Miss Pemberton, his wife’s choice made without reference to him. His wife’s employee, loyal to her. Avery schooled his expression into bland approval. ‘Of course, my dear. She deserves her holiday.’

*

He waited until the next morning. It was Miss Pemberton’s half-day and Laura went out shopping, taking Alice with her. Avery waited for the front door to close behind them, then he climbed to the nursery floor and tapped on the door of the governess’s sitting room.

She was sitting at the table, darning stockings, but she got to her feet when she saw who it was. ‘My lord. Please come in.’

Avery left the door ajar in case she felt uneasy about being alone with a male employer. ‘Miss Pemberton, I hope you will excuse me interrupting you in your free time, I will not take much of it, I hope. Shall we sit?’

She took the chair opposite his and folded her hands neatly on the table. A self-contained, intelligent young woman.

‘I do not interfere with my wife’s running of the household, you understand.

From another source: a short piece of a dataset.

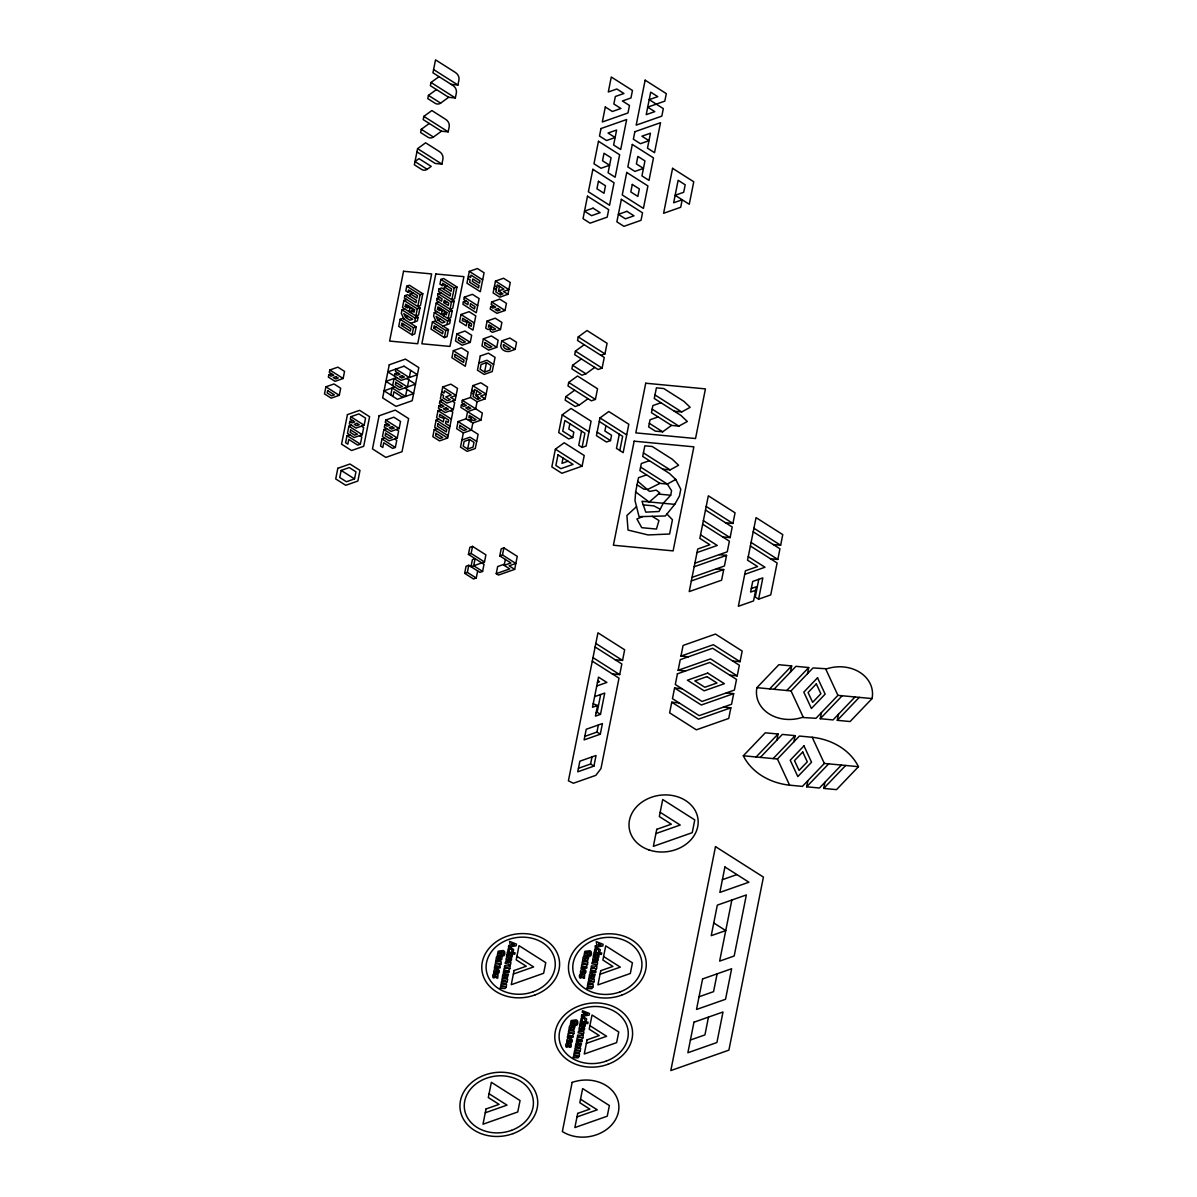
<?xml version="1.0" encoding="UTF-8"?>
<svg xmlns="http://www.w3.org/2000/svg" width="1197" height="1197" viewBox="0 0 1197 1197"><rect width="100%" height="100%" fill="white"/><g stroke="black" fill="none" stroke-linecap="round" stroke-linejoin="round"><path stroke-width="1.5" d="M646.575 474.88L638.48 477.723L635.637 491.907L635.009 500.6L639.063 516.655L665.352 515.967L674.734 504.371L679.432 496.067L680.779 489.259L675.766 479.443L669.437 473.428L642.714 456.446L644.839 445.808L652.23 446.496L672.265 459.244L678.594 465.259L670.14 469.882L662.764 469.179M499.822 959.201L499.598 956.717L497.997 956.134A1.661 1.362 -7.4 0 0 497.039 956.418A1.616 1.332 -7.4 0 0 496.441 957.106L495.932 960.278L500.137 960.637L501.723 959.56L502.097 956.882L500.765 956.762L499.852 959.216M325.913 386.811L324.492 393.903L331.18 398.152L339.275 395.309L340.681 388.217L334.008 383.968L325.913 386.811L339.275 395.309M328.831 374.736L328.367 377.1L335.04 381.349L343.135 378.491L344.556 371.399L337.868 367.15L329.774 370.008L329.31 372.372L333.768 375.2L331.06 376.142L328.831 374.736L331.539 373.778M349.719 434.706L347.01 435.648L345.604 442.755L347.818 444.162L348.776 439.434L357.679 445.104L360.372 444.147L361.793 437.055L359.564 435.633M351.604 425.249L348.896 426.192L347.489 433.284L354.162 437.533L362.257 434.691L363.679 427.598L361.449 426.177M349.838 421.464L349.374 423.828L356.048 428.077L364.142 425.234L365.564 418.142L358.876 413.893L350.781 416.736L350.317 419.1L354.776 421.928L352.068 422.885L349.838 421.464L352.546 420.521M341.175 470.421L339.753 477.513L346.427 481.748L354.521 478.905L355.943 471.813L349.27 467.563L341.175 470.421L354.521 478.905M429.289 123.471L421.269 129.306L420.626 132.538L428.077 137.281A4.219 3.456 -7.4 0 0 433.434 137.042L441.454 131.221L448.187 131.85L449.159 127.002A10.264 8.409 -7.4 0 0 445.553 119.251L431.863 110.558L423.843 116.378L423.199 119.61L441.454 131.221M416.945 151.869L435.199 163.465L441.917 164.109L442.89 159.261A10.264 8.409 -7.4 0 0 439.299 151.51L425.608 142.817L417.588 148.637L414.357 164.797L421.823 169.525A4.219 3.456 -7.4 0 0 427.179 169.301L431.189 166.383L419.01 158.647L415 161.565L427.179 169.301M436.456 89.566L428.436 95.386L427.793 98.618L435.259 103.361A4.219 3.456 -7.4 0 0 440.616 103.137L448.636 97.301L455.354 97.945L456.326 93.097A10.264 8.409 -7.4 0 0 452.735 85.346L432.955 72.778L435.528 59.85L455.309 72.419A10.264 8.409 -7.4 0 1 458.9 80.169L457.942 85.017L451.209 84.389M439.045 76.638L431.025 82.473L430.381 85.705L448.636 97.301M400.142 319.3L398.736 326.392L412.097 334.891L414.79 333.933L416.212 326.841L402.85 318.342L400.142 319.3L413.504 327.783L416.212 326.841M404.736 308.886L402.042 309.843L401.324 313.39L403.958 319.06M406.621 299.43L403.928 300.387L402.506 307.479L418.097 317.385L417.379 320.931L410.646 323.295M404.87 295.659L416.017 302.736L416.466 300.372L407.564 294.701L404.87 295.659L404.391 298.023L419.982 307.928L418.561 315.02L415.868 315.963L417.274 308.871L419.982 307.928M422.81 293.744L420.117 294.686L417.753 306.507L420.446 305.564L422.81 293.744L409.449 285.245L406.756 286.188L405.813 290.916L408.042 292.337L410.736 291.395M401.429 325.434L401.908 323.07L410.81 328.741L410.332 331.105L401.429 325.434L404.122 324.492M409.015 306.282L407.429 307.943L405.199 306.522L405.678 304.158L414.581 309.828L414.117 312.193L411.888 310.771M408.042 292.337L408.506 289.973L417.409 295.629L416.945 298.008L410.257 293.759L409.793 296.123M384.686 438.027L381.993 438.97L380.571 446.062L382.801 447.483L383.743 442.755L392.646 448.411L395.339 447.469L396.761 440.376L394.531 438.955M386.571 428.556L383.878 429.514L382.456 436.606L389.145 440.855L397.239 438.012L398.646 430.905L396.416 429.499M384.821 424.785L384.342 427.149L391.03 431.399L399.125 428.541L400.531 421.449L393.858 417.199L385.763 420.057L385.284 422.421L389.743 425.249L387.05 426.192L384.821 424.785L387.514 423.828M390.746 395.055L392.167 387.963L405.529 396.461L406.935 389.369M392.631 385.599L394.052 378.506L407.414 386.99L408.82 379.898M394.516 376.142L394.995 373.778L397.688 372.821M411.244 307.704L409.898 308.168L409.179 311.714L414.581 309.828M392.975 396.476L393.918 391.748L402.82 397.404M411.409 313.135L412.352 308.407M412.097 334.891L413.504 327.783M414.686 321.873L415.389 318.327L418.097 317.385M410.706 370.442L409.299 377.534L395.938 369.05L395.459 371.414L399.918 374.242L397.224 375.185L394.995 373.778M432.416 321.993L430.995 329.085L444.356 337.584L447.05 336.641L448.471 329.549L435.11 321.05L432.416 321.993L445.778 330.492L448.471 329.549M436.995 311.594L434.302 312.537L433.598 316.083L436.217 321.754M438.88 302.138L436.187 303.08L434.765 310.173L450.356 320.078L449.653 323.639L442.905 326.003M439.823 297.41L437.129 298.352L436.651 300.716L452.242 310.622L450.835 317.714L448.127 318.671L449.548 311.579L452.242 310.622M440.765 292.681L438.072 293.624L437.608 295.988L442.052 298.816L441.588 301.18L437.129 298.352M439.015 288.896L450.162 295.988L450.626 293.609L441.708 287.953L439.015 288.896L438.551 291.26L454.127 301.165L452.72 308.257L450.012 309.215L451.434 302.123L454.127 301.165M456.955 286.981L454.262 287.938L451.897 299.759L454.606 298.801L456.955 286.981L443.608 278.482L440.9 279.44L439.957 284.168L442.187 285.589L444.88 284.632M433.703 328.143L434.167 325.779L443.07 331.434L442.606 333.798L433.703 328.143L436.396 327.2M441.274 308.991L439.703 310.636L437.474 309.23L437.937 306.866L446.84 312.522L446.376 314.886L444.147 313.479M442.187 285.589L442.666 283.225L451.568 288.881L451.089 291.245L444.416 286.996L443.937 289.36M443.503 310.397L442.157 310.876L441.454 314.422L446.84 312.522M443.803 302.602L444.282 300.238L448.74 303.065L448.262 305.43L443.803 302.602L446.511 301.644M443.683 315.843L444.626 311.115M444.356 337.584L445.778 330.492M446.945 324.582L447.663 321.035L450.356 320.078M436.935 428.601L434.242 429.543L432.82 436.636L439.508 440.885L447.603 438.042L452.78 412.037L450.566 410.616M438.82 419.145L436.127 420.087L434.706 427.179L448.067 435.678M440.705 409.688L438.012 410.631L436.591 417.723L443.279 421.972L443.982 418.426L439.299 416.78L439.763 414.416L448.68 420.072L448.202 422.436L445.972 421.03L445.508 423.394L449.952 426.222M441.648 404.96L438.955 405.903L438.491 408.267L445.164 412.516L453.259 409.673L454.68 402.581L452.451 401.16M442.591 400.232L439.898 401.175L439.434 403.539L443.878 406.367L441.184 407.324L438.955 405.903M442.725 386.99L440.376 398.81L447.05 403.06L455.144 400.217L457.508 388.382L450.82 384.147L442.725 386.99L456.087 395.474L450.685 397.374L455.144 400.217M453.349 350.661L451.942 357.753L465.304 366.252L468.132 352.068L461.443 347.818L453.349 350.661L466.71 359.16M469.314 271.375L466.95 283.21L480.311 291.694L484.082 272.781L477.408 268.532L469.314 271.375L482.675 279.874M456.895 333.888L455.488 340.98L462.162 345.23L470.256 342.372L471.678 335.28L464.99 331.045L456.895 333.888L470.256 342.372M463.374 301.898L462.91 304.262L476.271 312.761L479.099 298.562L472.411 294.327L464.316 297.17L463.852 299.534L468.296 302.362L467.832 304.726L463.374 301.898L466.082 300.941M469.448 322.547L468.506 327.275L472.95 330.103L475.778 315.918L469.104 311.669L461.01 314.512L459.588 321.604L466.276 325.853L467.219 321.125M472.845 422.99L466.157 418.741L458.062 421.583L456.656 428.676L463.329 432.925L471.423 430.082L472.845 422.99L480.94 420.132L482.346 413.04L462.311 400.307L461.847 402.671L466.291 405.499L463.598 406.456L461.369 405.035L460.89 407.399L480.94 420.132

And, naturally, your appointment is within her sphere of influence.’ She looked a trifle puzzled, but she nodded. ‘However, Alice is my daughter. She is my wife’s stepdaughter.’ The governess nodded again and sat a little straighter in the chair. ‘Naturally she is very fond of Alice, but she is not her guardian, not her mother.’ His tongue almost tripped him on the lie.

‘Yes, Lord Wykeham. I am aware of that.’ Miss Pemberton was cool.

‘I am sure you are. I wanted to make it clear that my daughter does not leave the house without my knowledge and consent. She most certainly does not go on carriage journeys without it. Do you understand?’

‘Your instructions are very clear, my lord, although I confess I do not understand.’

‘Lady Wykeham is prone to occasional flights of fancy that usually manifest themselves as erratic journeys. It would be unsettling for Alice.’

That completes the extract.